Data extracts: Begin

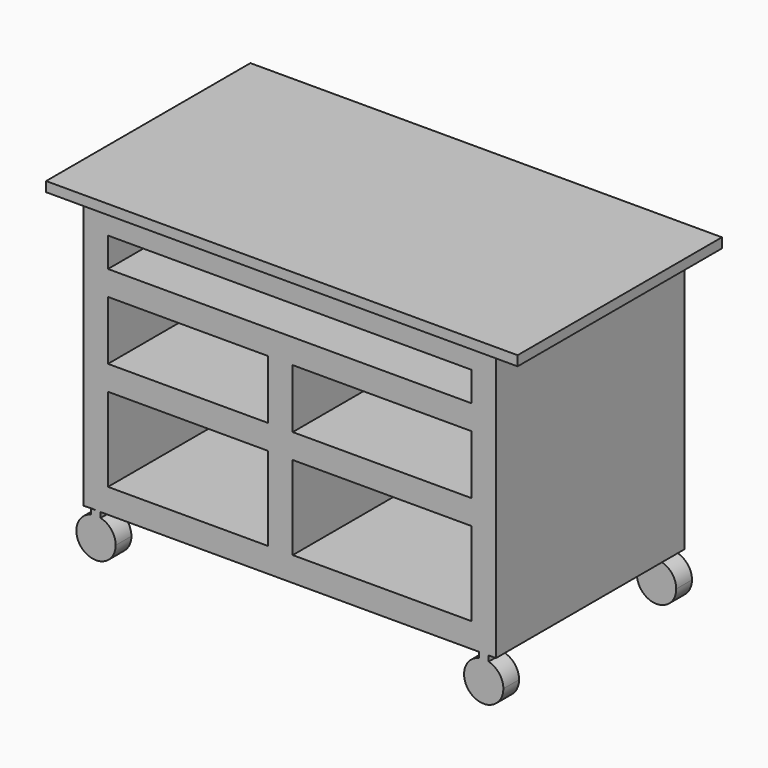
from build123d import *

# Parameters (mm, degrees)
F0_W     = 414.2166706732
F0_H     = 63.5
F0_W_2   = 63.5
F0_H_2   = 216.5272635669
F0_W_3   = 462.0833293268
F0_H_3   = 152.4
F1_DEPTH = 609.6
F2_DEPTH = 609.6
F5_DEPTH = 1242.06
F6_W     = 19.05
F6_H     = 699.1272635669
F7_DEPTH = 1066.8
F8_W     = 1219.2
F8_H     = 660.4
F8_W_2   = 1066.8
F8_H_2   = 609.6
F9_DEPTH = 25.4


with BuildPart() as f1:
    # F0 (on Front) → F1 (new body)
    with BuildSketch(Plane.XZ):
        Polygon((469.9, -273.3665645704), (469.9, -317.8136317834), (488.95, -317.8136317834), (488.95, -292.4136317834), (514.35, -292.4136317834), (514.35, -317.8136317834), (533.4, -317.8136317834), (533.4, 317.8136317834), (469.9, 317.8136317834), (469.9, 241.6136317834), (469.9, 178.1136317834), (469.9, 25.7136317834), (469.9, -37.7863682166), (469.9, -254.3136317834), align=None)
        Polygon((-469.9, -317.8136317834), (469.9, -317.8136317834), (469.9, -273.3665645704), (469.9, -254.3136317834), (7.8166706732, -254.3136317834), (-55.6833293268, -254.3136317834), (-469.9, -254.3136317834), align=None)
        Polygon((-488.9560716881, -317.8136317834), (-469.9, -317.8136317834), (-469.9, -254.3136317834), (-469.9, -37.7863682166), (-469.9, 25.7136317834), (-469.9, 178.1136317834), (-469.9, 241.6136317834), (-469.9, 317.8136317834), (-533.4, 317.8136317834), (-533.4, -317.8136317834), (-514.3560716881, -317.4411400029), (-514.3560716881, -291.792732976), (-488.9560716881, -291.792732976), align=None)
        Polygon((488.95, -292.4136317834), (488.95, -317.8136317834), (501.65, -317.8136317834), (514.35, -317.8136317834), (514.35, -292.4136317834), align=None)
        Polygon((-501.6472799932, -317.8136317834), (-488.9560716881, -317.8136317834), (-488.9560716881, -291.792732976), (-514.3560716881, -291.792732976), (-514.3560716881, -317.4411400029), (-501.6560716881, -317.192732976), align=None)
        with Locations((-262.7916646634, -6.0363682166)):
            Rectangle(F0_W, F0_H)
        with Locations((-23.9333293268, -146.05)):
            Rectangle(F0_W_2, F0_H_2)
        with Locations((238.8583353366, -6.0363682166)):
            Rectangle(F0_W_3, F0_H)
        with Locations((-23.9333293268, -6.0363682166)):
            Rectangle(F0_W_2, F0_H)
        Polygon((-469.9, 241.6136317834), (-469.9, 178.1136317834), (-55.6833293268, 178.1136317834), (7.8166706732, 178.1136317834), (469.9, 178.1136317834), (469.9, 241.6136317834), align=None)
        with Locations((-23.9333293268, 101.9136317834)):
            Rectangle(F0_W_2, F0_H_3)
        Polygon((469.9, 317.8136317834), (533.4, 317.8136317834), (533.4, 381.3136317834), (-533.4, 381.3136317834), (-533.4, 317.8136317834), (-469.9, 317.8136317834), align=None)
    extrude(amount=F1_DEPTH)

    # F0 (on Front) → F2 (join)
    with BuildSketch(Plane.XZ):
        with BuildLine():
            ThreePointArc((-449.9570255615, -380.6863682166), (-460.8814161194, -349.2129544898), (-488.9560716881, -331.2760708315))
            Line((-488.9560716881, -331.2760708315), (-488.9560716881, -342.592732976))
            Line((-488.9560716881, -342.592732976), (-501.2964171884, -342.592732976))
            Line((-501.2964171884, -342.592732976), (-514.3560716881, -342.592732976))
            Line((-514.3560716881, -342.592732976), (-514.3560716881, -331.7404190027))
            ThreePointArc((-514.3560716881, -331.7404190027), (-531.4963200945, -421.1305986038), (-449.9570255615, -380.6863682166))
        make_face()
        with BuildLine():
            Line((-501.2964171884, -342.592732976), (-501.4762624628, -329.8914600241))
            ThreePointArc((-501.4762624628, -329.8914600241), (-507.9756105712, -330.4018573762), (-514.3560716881, -331.7404190027))
            Line((-514.3560716881, -331.7404190027), (-514.3560716881, -342.592732976))
            Line((-514.3560716881, -342.592732976), (-501.2964171884, -342.592732976))
        make_face()
        with BuildLine():
            Line((-501.4762624628, -329.8914600241), (-501.6472799932, -317.8136317834))
            Line((-501.6472799932, -317.8136317834), (-514.3560716881, -317.8136317834))
            Line((-514.3560716881, -317.8136317834), (-514.3560716881, -331.7404190027))
            ThreePointArc((-514.3560716881, -331.7404190027), (-507.9756105712, -330.4018573762), (-501.4762624628, -329.8914600241))
        make_face()
        with BuildLine():
            Line((-488.9560716881, -331.2760708315), (-488.9560716881, -317.8136317834))
            Line((-488.9560716881, -317.8136317834), (-501.6472799932, -317.8136317834))
            Line((-501.6472799932, -317.8136317834), (-501.4762624628, -329.8914600241))
            ThreePointArc((-501.4762624628, -329.8914600241), (-495.1730843427, -330.194194561), (-488.9560716881, -331.2760708315))
        make_face()
        with BuildLine():
            Line((-488.9560716881, -342.592732976), (-488.9560716881, -331.2760708315))
            ThreePointArc((-488.9560716881, -331.2760708315), (-495.1730843427, -330.194194561), (-501.4762624628, -329.8914600241))
            Line((-501.4762624628, -329.8914600241), (-501.2964171884, -342.592732976))
            Line((-501.2964171884, -342.592732976), (-488.9560716881, -342.592732976))
        make_face()
        with BuildLine():
            Line((488.95, -343.2136317834), (488.95, -332.1267432866))
            ThreePointArc((488.95, -332.1267432866), (470.5414802667, -421.4745580676), (552.45, -381.3136317834))
            ThreePointArc((552.45, -381.3136317834), (541.8109262841, -350.2051120501), (514.35, -332.1267432866))
            Line((514.35, -332.1267432866), (514.35, -343.2136317834))
            Line((514.35, -343.2136317834), (501.65, -343.2136317834))
            Line((501.65, -343.2136317834), (488.95, -343.2136317834))
        make_face()
        with BuildLine():
            ThreePointArc((514.35, -332.1267432866), (508.0510180581, -330.9185232131), (501.65, -330.5136317834))
            Line((501.65, -330.5136317834), (501.65, -343.2136317834))
            Line((501.65, -343.2136317834), (514.35, -343.2136317834))
            Line((514.35, -343.2136317834), (514.35, -332.1267432866))
        make_face()
        with BuildLine():
            Line((501.65, -317.8136317834), (488.95, -317.8136317834))
            Line((488.95, -317.8136317834), (488.95, -332.1267432866))
            ThreePointArc((488.95, -332.1267432866), (495.2489819419, -330.9185232131), (501.65, -330.5136317834))
            Line((501.65, -330.5136317834), (501.65, -317.8136317834))
        make_face()
        with BuildLine():
            Line((514.35, -317.8136317834), (501.65, -317.8136317834))
            Line((501.65, -317.8136317834), (501.65, -330.5136317834))
            ThreePointArc((501.65, -330.5136317834), (508.0510180581, -330.9185232131), (514.35, -332.1267432866))
            Line((514.35, -332.1267432866), (514.35, -317.8136317834))
        make_face()
        with BuildLine():
            ThreePointArc((501.65, -330.5136317834), (495.2489819419, -330.9185232131), (488.95, -332.1267432866))
            Line((488.95, -332.1267432866), (488.95, -343.2136317834))
            Line((488.95, -343.2136317834), (501.65, -343.2136317834))
            Line((501.65, -343.2136317834), (501.65, -330.5136317834))
        make_face()
    extrude(amount=F2_DEPTH)

    # F4 (on offset) → F5 (cut)
    with BuildSketch(Plane.YZ.offset(660.4)):
        Polygon((-50.8, -317.8136317834), (-558.8, -317.8136317834), (-558.8, -353.9129836664), (-558.8, -456.8212373361), (-50.8, -456.8212373361), (-50.8, -353.9129836664), align=None)
    extrude(amount=-F5_DEPTH, mode=Mode.SUBTRACT)

    # F6 (on face) → F7 (join)
    with BuildSketch(Plane(origin=(-533.4, 0, 0), x_dir=(0, -1, 0), z_dir=(-1, 0, 0))):
        with Locations((9.525, 31.75)):
            Rectangle(F6_W, F6_H)
    extrude(amount=-F7_DEPTH)


with BuildPart() as f9:
    # F8 (on face) → F9 (new body)
    with BuildSketch(Plane.XY.offset(381.3136317834)):
        with Locations((0, -304.8)):
            Rectangle(F8_W, F8_H)
        with Locations((0, -304.8)):
            Rectangle(F8_W_2, F8_H_2, mode=Mode.SUBTRACT)
        with Locations((0, -304.8)):
            Rectangle(F8_W_2, F8_H_2)
    extrude(amount=F9_DEPTH)


solid = Compound([f1.part, f9.part])

Data extracts: End

> Problem details
In the listing above, find every line with the word "Rectangle" and copy it.

> Result for this exercise
            Rectangle(F0_W, F0_H)
            Rectangle(F0_W_2, F0_H_2)
            Rectangle(F0_W_3, F0_H)
            Rectangle(F0_W_2, F0_H)
            Rectangle(F0_W_2, F0_H_3)
            Rectangle(F6_W, F6_H)
            Rectangle(F8_W, F8_H)
            Rectangle(F8_W_2, F8_H_2, mode=Mode.SUBTRACT)
            Rectangle(F8_W_2, F8_H_2)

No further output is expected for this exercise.